Floral Brick Wall Cot Quilt Tutorial
It’s a bit bleak today, in that cold quiet time between Christmas and New Year, and sometimes all you need to cheer you up are some bright and cheefully sunny florals. Just before Christmas I made a quick beginner’s cot quilt – perfect for scraps, or your first quilt for your new baby. Or size up, and make a lap or bed quilt. 2-3 times as much fabric should make a good lap quilt to snuggle under the sofa with. Here’s a quick tutorial!
You will need: 4.5″ x width of fabric of 10 different fabrics – we’ve put together a kit, here.
Wadding – 1m x 1.1m
Backing – 1m x 1.1m
Cut each strip of your fabric into 8.5″ ‘bricks’. You should get 4 or 5 bricks out of each strip.
Cut this from all your fabrics, and then make piles, in the same order, of one of each of your different fabrics.

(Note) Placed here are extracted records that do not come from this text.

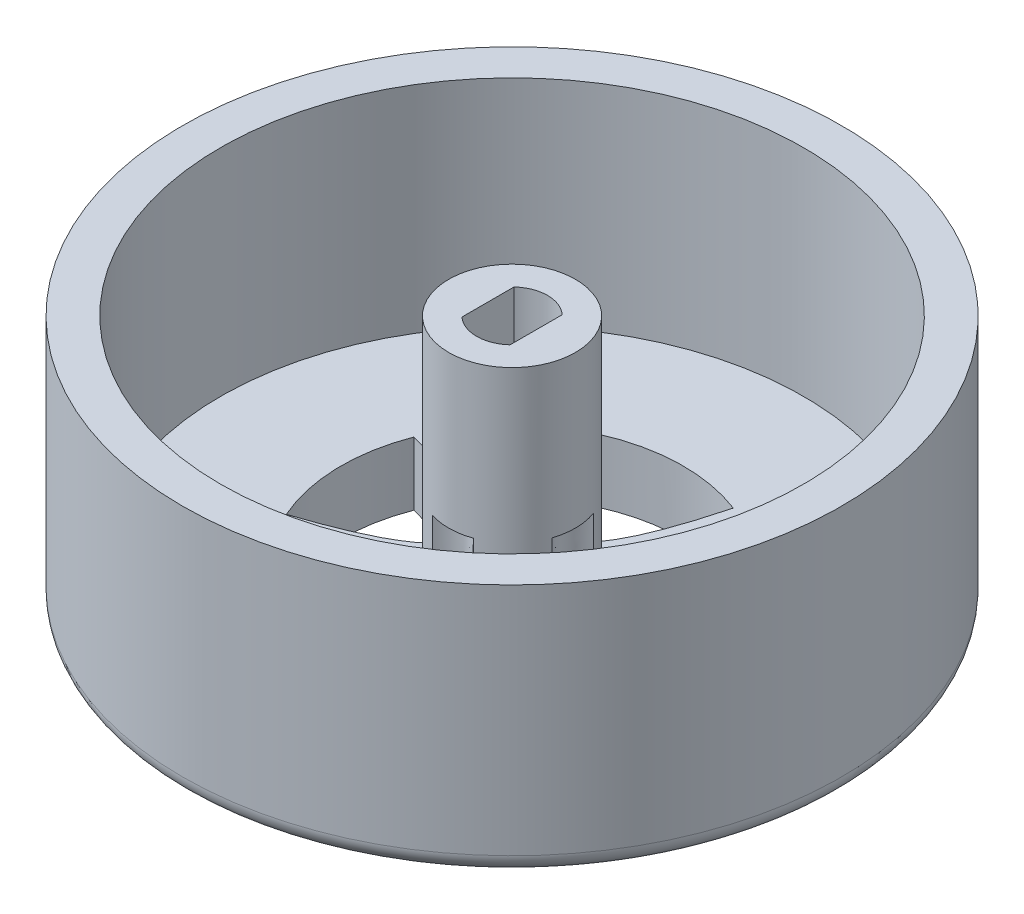
ISO-10303-21;
HEADER;
FILE_DESCRIPTION(('STEP AP214'),'2;1');
FILE_NAME('part.step','',(''),(''),'','','');
FILE_SCHEMA(('AUTOMOTIVE_DESIGN { 1 0 10303 214 1 1 1 1 }'));
ENDSEC;
DATA;
#1=APPLICATION_CONTEXT('core data for automotive mechanical design processes');
#2=APPLICATION_PROTOCOL_DEFINITION('international standard','automotive_design',2000,#1);
#3=PRODUCT_CONTEXT('',#1,'mechanical');
#4=PRODUCT('Part','Part','',(#3));
#5=PRODUCT_RELATED_PRODUCT_CATEGORY('part','',(#4));
#6=PRODUCT_DEFINITION_FORMATION('','',#4);
#7=PRODUCT_DEFINITION_CONTEXT('part definition',#1,'design');
#8=PRODUCT_DEFINITION('design','',#6,#7);
#9=PRODUCT_DEFINITION_SHAPE('','',#8);
#10=(LENGTH_UNIT() NAMED_UNIT(*) SI_UNIT(.MILLI.,.METRE.));
#11=(NAMED_UNIT(*) PLANE_ANGLE_UNIT() SI_UNIT($,.RADIAN.));
#12=(NAMED_UNIT(*) SI_UNIT($,.STERADIAN.) SOLID_ANGLE_UNIT());
#13=UNCERTAINTY_MEASURE_WITH_UNIT(LENGTH_MEASURE(1.E-05),#10,'distance_accuracy_value','');
#14=(GEOMETRIC_REPRESENTATION_CONTEXT(3) GLOBAL_UNCERTAINTY_ASSIGNED_CONTEXT((#13)) GLOBAL_UNIT_ASSIGNED_CONTEXT((#10,
#11,#12)) REPRESENTATION_CONTEXT('',''));
#15=CARTESIAN_POINT('',(0.,0.,0.));
#16=DIRECTION('',(0.,0.,1.));
#17=DIRECTION('',(1.,0.,0.));
#18=AXIS2_PLACEMENT_3D('',#15,#16,#17);
#19=CARTESIAN_POINT('',(0.,-2.,0.));
#20=DIRECTION('',(0.,-1.,0.));
#21=DIRECTION('',(0.,0.,-1.));
#22=AXIS2_PLACEMENT_3D('',#19,#20,#21);
#23=CYLINDRICAL_SURFACE('',#22,1.45);
#24=CARTESIAN_POINT('',(0.,13.,0.));
#25=DIRECTION('',(0.,1.,0.));
#26=DIRECTION('',(0.,0.,1.));
#27=AXIS2_PLACEMENT_3D('',#24,#25,#26);
#28=CIRCLE('',#27,1.45);
#29=CARTESIAN_POINT('',(0.,13.,1.45));
#30=VERTEX_POINT('',#29);
#31=EDGE_CURVE('E320',#30,#30,#28,.T.);
#32=ORIENTED_EDGE('',*,*,#31,.T.);
#33=EDGE_LOOP('',(#32));
#34=FACE_BOUND('',#33,.T.);
#35=CARTESIAN_POINT('',(0.,12.1,0.));
#36=DIRECTION('',(0.,-1.,0.));
#37=DIRECTION('',(0.,0.,-1.));
#38=AXIS2_PLACEMENT_3D('',#35,#36,#37);
#39=CIRCLE('',#38,1.45);
#40=CARTESIAN_POINT('',(0.,12.1,-1.45));
#41=VERTEX_POINT('',#40);
#42=EDGE_CURVE('E131',#41,#41,#39,.F.);
#43=ORIENTED_EDGE('',*,*,#42,.F.);
#44=EDGE_LOOP('',(#43));
#45=FACE_BOUND('',#44,.T.);
#46=ADVANCED_FACE('F127',(#34,#45),#23,.F.);
#47=CARTESIAN_POINT('',(0.,20.,0.));
#48=DIRECTION('',(0.,1.,0.));
#49=DIRECTION('',(0.,0.,1.));
#50=AXIS2_PLACEMENT_3D('',#47,#48,#49);
#51=PLANE('',#50);
#52=CARTESIAN_POINT('',(0.,20.,0.));
#53=DIRECTION('',(0.,1.,0.));
#54=DIRECTION('',(0.,0.,1.));
#55=AXIS2_PLACEMENT_3D('',#52,#53,#54);
#56=CIRCLE('',#55,5.);
#57=CARTESIAN_POINT('',(0.,20.,5.));
#58=VERTEX_POINT('',#57);
#59=EDGE_CURVE('E381',#58,#58,#56,.T.);
#60=ORIENTED_EDGE('',*,*,#59,.T.);
#61=EDGE_LOOP('',(#60));
#62=FACE_BOUND('',#61,.T.);
#63=CARTESIAN_POINT('',(0.,20.,0.));
#64=DIRECTION('',(0.,1.,0.));
#65=DIRECTION('',(0.,0.,1.));
#66=AXIS2_PLACEMENT_3D('',#63,#64,#65);
#67=CIRCLE('',#66,2.8);
#68=CARTESIAN_POINT('',(1.9,20.,-2.05669638012031));
#69=VERTEX_POINT('',#68);
#70=CARTESIAN_POINT('',(-1.9,20.,-2.05669638012031));
#71=VERTEX_POINT('',#70);
#72=EDGE_CURVE('E438',#69,#71,#67,.T.);
#73=ORIENTED_EDGE('',*,*,#72,.F.);
#74=DIRECTION('',(0.,0.,1.));
#75=VECTOR('',#74,1.);
#76=CARTESIAN_POINT('',(1.9,20.,0.));
#77=LINE('',#76,#75);
#78=CARTESIAN_POINT('',(1.9,20.,2.05669638012031));
#79=VERTEX_POINT('',#78);
#80=EDGE_CURVE('E324',#69,#79,#77,.T.);
#81=ORIENTED_EDGE('',*,*,#80,.T.);
#82=CARTESIAN_POINT('',(-1.9,20.,2.05669638012031));
#83=VERTEX_POINT('',#82);
#84=EDGE_CURVE('E436',#83,#79,#67,.T.);
#85=ORIENTED_EDGE('',*,*,#84,.F.);
#86=DIRECTION('',(0.,0.,1.));
#87=VECTOR('',#86,1.);
#88=CARTESIAN_POINT('',(-1.9,20.,0.));
#89=LINE('',#88,#87);
#90=EDGE_CURVE('E408',#71,#83,#89,.T.);
#91=ORIENTED_EDGE('',*,*,#90,.F.);
#92=EDGE_LOOP('',(#73,#81,#85,#91));
#93=FACE_BOUND('',#92,.T.);
#94=ADVANCED_FACE('F545',(#62,#93),#51,.T.);
#95=CARTESIAN_POINT('',(0.,20.,0.));
#96=DIRECTION('',(0.,-1.,0.));
#97=DIRECTION('',(0.,0.,-1.));
#98=AXIS2_PLACEMENT_3D('',#95,#96,#97);
#99=CYLINDRICAL_SURFACE('',#98,26.);
#100=CARTESIAN_POINT('',(0.,1.5,0.));
#101=DIRECTION('',(0.,1.,0.));
#102=DIRECTION('',(0.,0.,1.));
#103=AXIS2_PLACEMENT_3D('',#100,#101,#102);
#104=CIRCLE('',#103,26.);
#105=CARTESIAN_POINT('',(0.,1.5,26.));
#106=VERTEX_POINT('',#105);
#107=EDGE_CURVE('E601',#106,#106,#104,.T.);
#108=ORIENTED_EDGE('',*,*,#107,.T.);
#109=EDGE_LOOP('',(#108));
#110=FACE_BOUND('',#109,.T.);
#111=CARTESIAN_POINT('',(0.,20.,0.));
#112=DIRECTION('',(0.,1.,0.));
#113=DIRECTION('',(0.,0.,1.));
#114=AXIS2_PLACEMENT_3D('',#111,#112,#113);
#115=CIRCLE('',#114,26.);
#116=CARTESIAN_POINT('',(0.,20.,26.));
#117=VERTEX_POINT('',#116);
#118=EDGE_CURVE('E603',#117,#117,#115,.T.);
#119=ORIENTED_EDGE('',*,*,#118,.F.);
#120=EDGE_LOOP('',(#119));
#121=FACE_BOUND('',#120,.T.);
#122=ADVANCED_FACE('F566',(#110,#121),#99,.T.);
#123=CARTESIAN_POINT('',(0.,20.,0.));
#124=DIRECTION('',(0.,1.,0.));
#125=DIRECTION('',(0.,0.,1.));
#126=AXIS2_PLACEMENT_3D('',#123,#124,#125);
#127=PLANE('',#126);
#128=CARTESIAN_POINT('',(0.,20.,0.));
#129=DIRECTION('',(0.,1.,0.));
#130=DIRECTION('',(0.,0.,1.));
#131=AXIS2_PLACEMENT_3D('',#128,#129,#130);
#132=CIRCLE('',#131,23.);
#133=CARTESIAN_POINT('',(0.,20.,23.));
#134=VERTEX_POINT('',#133);
#135=EDGE_CURVE('E608',#134,#134,#132,.T.);
#136=ORIENTED_EDGE('',*,*,#135,.F.);
#137=EDGE_LOOP('',(#136));
#138=FACE_BOUND('',#137,.T.);
#139=ORIENTED_EDGE('',*,*,#118,.T.);
#140=EDGE_LOOP('',(#139));
#141=FACE_BOUND('',#140,.T.);
#142=ADVANCED_FACE('F582',(#138,#141),#127,.T.);
#143=CARTESIAN_POINT('',(0.,0.,0.));
#144=DIRECTION('',(0.,1.,0.));
#145=DIRECTION('',(0.,0.,1.));
#146=AXIS2_PLACEMENT_3D('',#143,#144,#145);
#147=PLANE('',#146);
#148=CARTESIAN_POINT('',(0.,0.,0.));
#149=DIRECTION('',(0.,1.,0.));
#150=DIRECTION('',(0.,0.,1.));
#151=AXIS2_PLACEMENT_3D('',#148,#149,#150);
#152=CIRCLE('',#151,15.);
#153=CARTESIAN_POINT('',(0.,0.,15.));
#154=VERTEX_POINT('',#153);
#155=EDGE_CURVE('E314',#154,#154,#152,.F.);
#156=ORIENTED_EDGE('',*,*,#155,.F.);
#157=EDGE_LOOP('',(#156));
#158=FACE_BOUND('',#157,.T.);
#159=CARTESIAN_POINT('',(0.,0.,0.));
#160=DIRECTION('',(0.,1.,0.));
#161=DIRECTION('',(0.,0.,1.));
#162=AXIS2_PLACEMENT_3D('',#159,#160,#161);
#163=CIRCLE('',#162,24.5);
#164=CARTESIAN_POINT('',(0.,0.,24.5));
#165=VERTEX_POINT('',#164);
#166=EDGE_CURVE('E598',#165,#165,#163,.F.);
#167=ORIENTED_EDGE('',*,*,#166,.T.);
#168=EDGE_LOOP('',(#167));
#169=FACE_BOUND('',#168,.T.);
#170=ADVANCED_FACE('F578',(#158,#169),#147,.F.);
#171=CARTESIAN_POINT('',(0.,20.,0.));
#172=DIRECTION('',(0.,-1.,0.));
#173=DIRECTION('',(0.,0.,-1.));
#174=AXIS2_PLACEMENT_3D('',#171,#172,#173);
#175=CYLINDRICAL_SURFACE('',#174,23.);
#176=ORIENTED_EDGE('',*,*,#135,.T.);
#177=EDGE_LOOP('',(#176));
#178=FACE_BOUND('',#177,.T.);
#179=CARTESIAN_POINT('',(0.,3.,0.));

Then take each pile, and sew them into big long strips. You can even sew each long strip together at this point, so that all your fabric is in one huge mile long (almost) strip. Your seam allowance for the whole project should be 1/4″.
Once you’ve done this, you need to take the first section of the strip, and count 4 1/2 bricks in, and cut at this point (so brick 5 is cut in half).
Then sew this cut off piece to your long strip – with the other half of brick 5 forming the first part of the next row (sewn to brick 1).
Carry on in this format – the end of row 2 will be a full brick, row 3 will be a half brick, and so on.
Carry on until you have no more rows to sew – this should be 10 rows!
Lay your finished quilt top on top of your wadding. For this quilt I have used the backing and binding in one, which is a really nice neat finish. I’ll show you how next.
Quilt the top onto the wadding. I just quilted along every other line. Then trim your wadding to the same size as your quilt top. Lay this finished piece on top of your backing, centering it so there should be around 2″ excess fabric on either side. For our backing in our sample, we used a gorgeous peppered cotton
Fold and press this 2″ in half, and then towards the quilt, pinning it to the quilt top as you go. When you get to each corner, fold at a diagonal to create a mitred point. Once done, sew around the edge of the quilt, increasing your stitch length slightly. Now, snuggle.